Legally in some jurisdictions all corpses belong to the state.


When you're dead, your body is the property of your estate - your heirs. They may care.


False, though that’s a common belief. “There is a well-established general rule that when a human being dies, property in their body does not vest in anyone. Therefore, the simple answer to the headline question is that no one owns your body when you die (Williams v Williams (1882)). However, certain people are able to exercise rights over a body.

In Dobson v North Tyneside Health Authority [1996], the Court of Appeal concluded that personal representatives have a right to the custody and possession of the deceased’s body until its proper disposal.”

https://www.hcrlaw.com/blog/who-owns-your-body-after-you-die...


Right. (Probably in most states) nobody owns plain old dead bodies. However, Australian and English courts have held that people can own objects made with remains as long as skill was applied.

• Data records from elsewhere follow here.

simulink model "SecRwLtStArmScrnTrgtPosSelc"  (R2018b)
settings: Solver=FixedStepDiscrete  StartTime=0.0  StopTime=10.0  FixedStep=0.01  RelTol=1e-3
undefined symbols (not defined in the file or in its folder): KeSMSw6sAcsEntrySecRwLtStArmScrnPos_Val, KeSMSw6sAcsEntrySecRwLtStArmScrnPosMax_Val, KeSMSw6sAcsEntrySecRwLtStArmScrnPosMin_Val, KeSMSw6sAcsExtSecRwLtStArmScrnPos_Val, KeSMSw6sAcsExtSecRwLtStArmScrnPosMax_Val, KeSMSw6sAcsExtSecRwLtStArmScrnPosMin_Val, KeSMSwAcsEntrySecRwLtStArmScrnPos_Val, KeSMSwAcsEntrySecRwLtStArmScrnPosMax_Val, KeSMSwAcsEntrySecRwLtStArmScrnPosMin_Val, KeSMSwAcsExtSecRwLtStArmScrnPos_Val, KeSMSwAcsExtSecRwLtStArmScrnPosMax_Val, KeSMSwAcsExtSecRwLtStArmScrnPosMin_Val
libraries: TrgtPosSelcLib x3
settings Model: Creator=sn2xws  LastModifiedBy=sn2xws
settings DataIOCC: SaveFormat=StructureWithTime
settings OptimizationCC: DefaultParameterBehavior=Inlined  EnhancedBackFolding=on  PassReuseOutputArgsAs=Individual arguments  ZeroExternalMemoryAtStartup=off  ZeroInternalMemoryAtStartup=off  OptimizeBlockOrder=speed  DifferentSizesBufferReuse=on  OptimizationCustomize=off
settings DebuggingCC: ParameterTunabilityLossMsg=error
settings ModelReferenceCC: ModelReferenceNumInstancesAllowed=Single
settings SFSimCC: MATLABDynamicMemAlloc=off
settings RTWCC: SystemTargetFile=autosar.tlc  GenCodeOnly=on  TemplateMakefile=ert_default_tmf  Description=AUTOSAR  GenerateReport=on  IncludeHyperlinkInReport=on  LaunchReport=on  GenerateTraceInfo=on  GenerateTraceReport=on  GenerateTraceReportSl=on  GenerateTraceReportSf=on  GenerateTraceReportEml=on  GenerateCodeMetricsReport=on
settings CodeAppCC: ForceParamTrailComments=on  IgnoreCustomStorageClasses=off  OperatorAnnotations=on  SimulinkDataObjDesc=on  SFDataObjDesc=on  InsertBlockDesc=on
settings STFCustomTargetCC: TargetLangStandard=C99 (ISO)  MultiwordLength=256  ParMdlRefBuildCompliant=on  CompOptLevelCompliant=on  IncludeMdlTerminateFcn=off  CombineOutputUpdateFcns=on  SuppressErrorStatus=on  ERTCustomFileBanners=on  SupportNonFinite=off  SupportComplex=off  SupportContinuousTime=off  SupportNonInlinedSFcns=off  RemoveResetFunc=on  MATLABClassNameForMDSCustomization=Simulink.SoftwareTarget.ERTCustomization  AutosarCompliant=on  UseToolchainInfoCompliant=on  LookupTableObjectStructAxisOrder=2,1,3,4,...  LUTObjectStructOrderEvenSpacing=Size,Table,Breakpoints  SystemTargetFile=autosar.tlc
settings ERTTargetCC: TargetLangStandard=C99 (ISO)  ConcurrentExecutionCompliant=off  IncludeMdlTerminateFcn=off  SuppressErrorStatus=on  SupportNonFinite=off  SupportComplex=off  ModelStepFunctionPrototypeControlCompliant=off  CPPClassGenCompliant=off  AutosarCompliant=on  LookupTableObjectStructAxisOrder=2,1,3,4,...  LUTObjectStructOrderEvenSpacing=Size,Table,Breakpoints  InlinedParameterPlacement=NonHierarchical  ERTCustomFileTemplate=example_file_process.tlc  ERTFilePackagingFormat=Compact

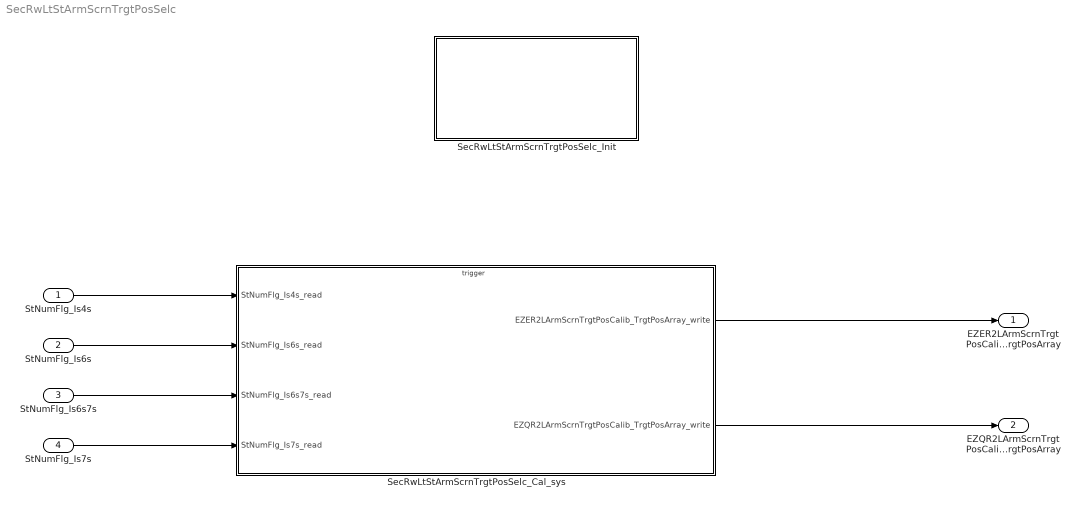
== system SecRwLtStArmScrnTrgtPosSelc ==
  StNumFlg_Is4s : Inport  OutDataTypeStr=boolean  PortDimensions=1
  StNumFlg_Is6s : Inport  Port=2  OutDataTypeStr=boolean  PortDimensions=1
  StNumFlg_Is6s7s : Inport  Port=3  OutDataTypeStr=boolean  PortDimensions=1
  StNumFlg_Is7s : Inport  Port=4  OutDataTypeStr=boolean  PortDimensions=1
  SecRwLtStArmScrnTrgtPosSelc_Cal_sys : Subsystem
  SecRwLtStArmScrnTrgtPosSelc_Init : Subsystem
  EZER2LArmScrnTrgtPosCalib_TrgtPosArray : Outport  Description=|  OutDataTypeStr=uint16  PortDimensions=3
      | 0:Pos
      | 1:Max
      | 2:Min
  EZQR2LArmScrnTrgtPosCalib_TrgtPosArray : Outport  Description=|  Port=2  OutDataTypeStr=uint16  PortDimensions=3
      | 0:Pos
      | 1:Max
      | 2:Min
  wires:
  StNumFlg_Is4s/1 -> SecRwLtStArmScrnTrgtPosSelc_Cal_sys/1(StNumFlg_Is4s_read)
  StNumFlg_Is6s/1 -> SecRwLtStArmScrnTrgtPosSelc_Cal_sys/2(StNumFlg_Is6s_read)
  StNumFlg_Is6s7s/1 -> SecRwLtStArmScrnTrgtPosSelc_Cal_sys/3(StNumFlg_Is6s7s_read)
  StNumFlg_Is7s/1 -> SecRwLtStArmScrnTrgtPosSelc_Cal_sys/4(StNumFlg_Is7s_read)
  SecRwLtStArmScrnTrgtPosSelc_Cal_sys/1(EZER2LArmScrnTrgtPosCalib_TrgtPosArray_write) -> EZER2LArmScrnTrgtPosCalib_TrgtPosArray/1
  SecRwLtStArmScrnTrgtPosSelc_Cal_sys/2(EZQR2LArmScrnTrgtPosCalib_TrgtPosArray_write) -> EZQR2LArmScrnTrgtPosCalib_TrgtPosArray/1

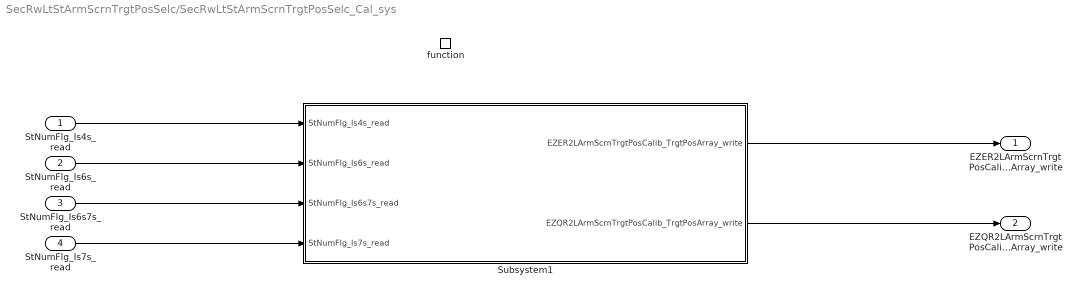
== system SecRwLtStArmScrnTrgtPosSelc/SecRwLtStArmScrnTrgtPosSelc_Cal_sys ==
  StNumFlg_Is4s_read : Inport
  StNumFlg_Is6s_read : Inport  Port=2
  StNumFlg_Is6s7s_read : Inport  Port=3
  StNumFlg_Is7s_read : Inport  Port=4
  function : TriggerPort  TriggerType=function-call  IsSimulinkFunction=on  FunctionName=SecRwLtStArmScrnTrgtPosSelc_Cal  VariantControl=(inherit)
  Subsystem1 : Subsystem
  EZER2LArmScrnTrgtPosCalib_TrgtPosArray_write : Outport
      settings: EnsureOutportIsVirtual=on
  EZQR2LArmScrnTrgtPosCalib_TrgtPosArray_write : Outport  Port=2
      settings: EnsureOutportIsVirtual=on
  wires:
  Subsystem1/1(EZER2LArmScrnTrgtPosCalib_TrgtPosArray_write) -> EZER2LArmScrnTrgtPosCalib_TrgtPosArray_write/1
  Subsystem1/2(EZQR2LArmScrnTrgtPosCalib_TrgtPosArray_write) -> EZQR2LArmScrnTrgtPosCalib_TrgtPosArray_write/1
  StNumFlg_Is4s_read/1 -> Subsystem1/1(StNumFlg_Is4s_read)
  StNumFlg_Is6s_read/1 -> Subsystem1/2(StNumFlg_Is6s_read)
  StNumFlg_Is6s7s_read/1 -> Subsystem1/3(StNumFlg_Is6s7s_read)
  StNumFlg_Is7s_read/1 -> Subsystem1/4(StNumFlg_Is7s_read)

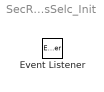
== system SecRwLtStArmScrnTrgtPosSelc/SecRwLtStArmScrnTrgtPosSelc_Init ==
  Event Listener : EventListener  EventName=reset

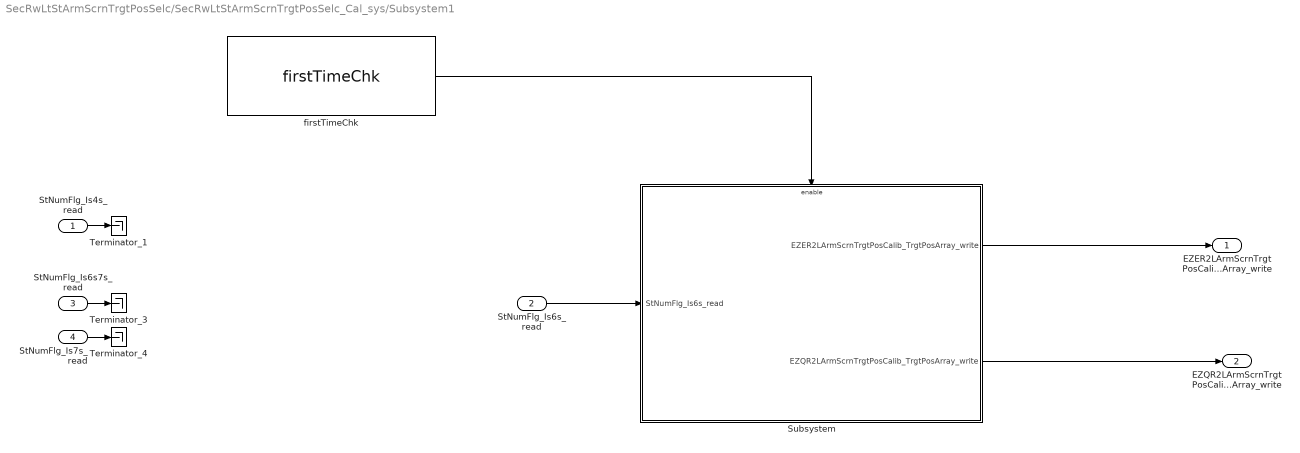
== system SecRwLtStArmScrnTrgtPosSelc/SecRwLtStArmScrnTrgtPosSelc_Cal_sys/Subsystem1 ==
  StNumFlg_Is4s_read : Inport
  StNumFlg_Is6s_read : Inport  Port=2
  StNumFlg_Is6s7s_read : Inport  Port=3
  StNumFlg_Is7s_read : Inport  Port=4
  Subsystem : Subsystem
  Terminator_1 : Terminator
  Terminator_3 : Terminator
  Terminator_4 : Terminator
  firstTimeChk : TrgtPosSelcLib/firstTimeChk  SystemSampleTime=-1
  EZER2LArmScrnTrgtPosCalib_TrgtPosArray_write : Outport
      settings: EnsureOutportIsVirtual=on
  EZQR2LArmScrnTrgtPosCalib_TrgtPosArray_write : Outport  Port=2
      settings: EnsureOutportIsVirtual=on
  wires:
  StNumFlg_Is6s_read/1 -> Subsystem/1(StNumFlg_Is6s_read)
  StNumFlg_Is4s_read/1 -> Terminator_1/1
  Subsystem/1(EZER2LArmScrnTrgtPosCalib_TrgtPosArray_write) -> EZER2LArmScrnTrgtPosCalib_TrgtPosArray_write/1
  StNumFlg_Is6s7s_read/1 -> Terminator_3/1
  Subsystem/2(EZQR2LArmScrnTrgtPosCalib_TrgtPosArray_write) -> EZQR2LArmScrnTrgtPosCalib_TrgtPosArray_write/1
  StNumFlg_Is7s_read/1 -> Terminator_4/1
  firstTimeChk/1 -> Subsystem/Enable

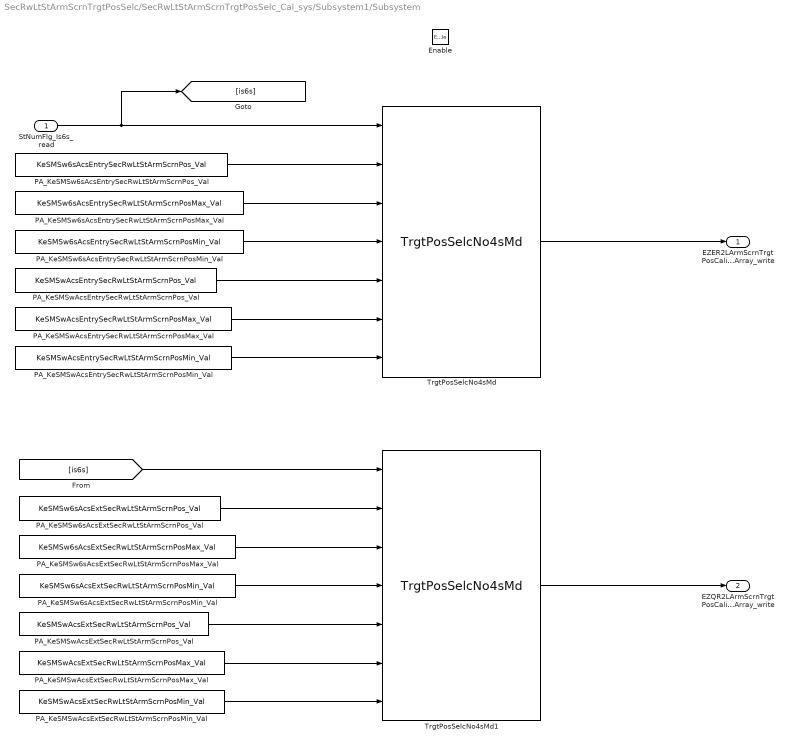
== system SecRwLtStArmScrnTrgtPosSelc/SecRwLtStArmScrnTrgtPosSelc_Cal_sys/Subsystem1/Subsystem ==
  StNumFlg_Is6s_read : Inport
  Enable : EnablePort
  PA_KeSMSw6sAcsEntrySecRwLtStArmScrnPosMax_Val : Constant  Value=KeSMSw6sAcsEntrySecRwLtStArmScrnPosMax_Val
  PA_KeSMSw6sAcsEntrySecRwLtStArmScrnPosMin_Val : Constant  Value=KeSMSw6sAcsEntrySecRwLtStArmScrnPosMin_Val
  PA_KeSMSw6sAcsEntrySecRwLtStArmScrnPos_Val : Constant  Value=KeSMSw6sAcsEntrySecRwLtStArmScrnPos_Val
  PA_KeSMSw6sAcsExtSecRwLtStArmScrnPosMax_Val : Constant  Value=KeSMSw6sAcsExtSecRwLtStArmScrnPosMax_Val
  PA_KeSMSw6sAcsExtSecRwLtStArmScrnPosMin_Val : Constant  Value=KeSMSw6sAcsExtSecRwLtStArmScrnPosMin_Val
  PA_KeSMSw6sAcsExtSecRwLtStArmScrnPos_Val : Constant  Value=KeSMSw6sAcsExtSecRwLtStArmScrnPos_Val
  PA_KeSMSwAcsEntrySecRwLtStArmScrnPosMax_Val : Constant  Value=KeSMSwAcsEntrySecRwLtStArmScrnPosMax_Val
  PA_KeSMSwAcsEntrySecRwLtStArmScrnPosMin_Val : Constant  Value=KeSMSwAcsEntrySecRwLtStArmScrnPosMin_Val
  PA_KeSMSwAcsEntrySecRwLtStArmScrnPos_Val : Constant  Value=KeSMSwAcsEntrySecRwLtStArmScrnPos_Val
  PA_KeSMSwAcsExtSecRwLtStArmScrnPosMax_Val : Constant  Value=KeSMSwAcsExtSecRwLtStArmScrnPosMax_Val
  PA_KeSMSwAcsExtSecRwLtStArmScrnPosMin_Val : Constant  Value=KeSMSwAcsExtSecRwLtStArmScrnPosMin_Val
  PA_KeSMSwAcsExtSecRwLtStArmScrnPos_Val : Constant  Value=KeSMSwAcsExtSecRwLtStArmScrnPos_Val
  TrgtPosSelcNo4sMd : TrgtPosSelcLib/TrgtPosSelcNo4sMd  SystemSampleTime=-1
  TrgtPosSelcNo4sMd1 : TrgtPosSelcLib/TrgtPosSelcNo4sMd  SystemSampleTime=-1
  EZER2LArmScrnTrgtPosCalib_TrgtPosArray_write : Outport
      settings: EnsureOutportIsVirtual=on
  EZQR2LArmScrnTrgtPosCalib_TrgtPosArray_write : Outport  Port=2
      settings: EnsureOutportIsVirtual=on
  wires:
  PA_KeSMSwAcsEntrySecRwLtStArmScrnPosMin_Val/1 -> TrgtPosSelcNo4sMd/7
  PA_KeSMSw6sAcsEntrySecRwLtStArmScrnPosMin_Val/1 -> TrgtPosSelcNo4sMd/4
  PA_KeSMSwAcsEntrySecRwLtStArmScrnPos_Val/1 -> TrgtPosSelcNo4sMd/5
  PA_KeSMSw6sAcsEntrySecRwLtStArmScrnPos_Val/1 -> TrgtPosSelcNo4sMd/2
  StNumFlg_Is6s_read/1 -> [is6s], TrgtPosSelcNo4sMd/1
  PA_KeSMSwAcsExtSecRwLtStArmScrnPosMin_Val/1 -> TrgtPosSelcNo4sMd1/7
  PA_KeSMSwAcsExtSecRwLtStArmScrnPosMax_Val/1 -> TrgtPosSelcNo4sMd1/6
  PA_KeSMSwAcsEntrySecRwLtStArmScrnPosMax_Val/1 -> TrgtPosSelcNo4sMd/6
  PA_KeSMSw6sAcsExtSecRwLtStArmScrnPosMax_Val/1 -> TrgtPosSelcNo4sMd1/3
  PA_KeSMSw6sAcsEntrySecRwLtStArmScrnPosMax_Val/1 -> TrgtPosSelcNo4sMd/3
  PA_KeSMSwAcsExtSecRwLtStArmScrnPos_Val/1 -> TrgtPosSelcNo4sMd1/5
  PA_KeSMSw6sAcsExtSecRwLtStArmScrnPosMin_Val/1 -> TrgtPosSelcNo4sMd1/4
  TrgtPosSelcNo4sMd/1 -> EZER2LArmScrnTrgtPosCalib_TrgtPosArray_write/1
  TrgtPosSelcNo4sMd1/1 -> EZQR2LArmScrnTrgtPosCalib_TrgtPosArray_write/1
  PA_KeSMSw6sAcsExtSecRwLtStArmScrnPos_Val/1 -> TrgtPosSelcNo4sMd1/2
  [is6s] -> TrgtPosSelcNo4sMd1/1

Not sure if there's similar case law in the US. So there might be value in deciding who rightfully owns these specimens.

This discussion is a little tangential. The article is discussing the ethics, not legality, of how the samples were collected.


Well, OK, right to custody and possession. That still includes the right to control whether someone takes the brain out.


People who want to make a fuss, because they're incapable of making anything worthwhile like science or art...


Correct. This is why I recommend gathering body parts from Arlington cemetery.


You should go there to see all the people who's lives were cut short trying to actually do something. Not making pointless fusses about things for 100 years ago that affect no one alive today.


I can imagine the museum doing a sort of road show in every city, maybe like antiques roadshow but where the "descendants and cultural heirs" of various brains are brought together to receive the brains. Like a ribbon cutting ceremony but with a large jar.

While the Native American Graves Protection and Repatriation Act was passed in 1990, the law means the Smithsonian only has to inform Native American, Alaska Native, or Native Hawaiian communities about the remains in its collection. . . .

Out of “at least 268 brains,” the reporters also found that officials at the Museum of Natural History museum had repatriated only four of them to descendants or cultural heirs.

In April, Smithsonian Secretary Lonnie G. Bunch III issued a statement announcing the creation of a task force to address the disposition of the human remains held by the institution as well as apologizing for past unethical practices.


Wow just like everything else in museums.


[flagged]


How about you don't write on HN in the first place?


To be fair, any person who donates their brain to science must be out of their mind, and as such would not make a good specimen.


Certainly their mind would be out of them by the end of the process.

If my brain is useful for science (can't see how, but that's hardly my problem!), then have at it. Save the crematorium some gas, even.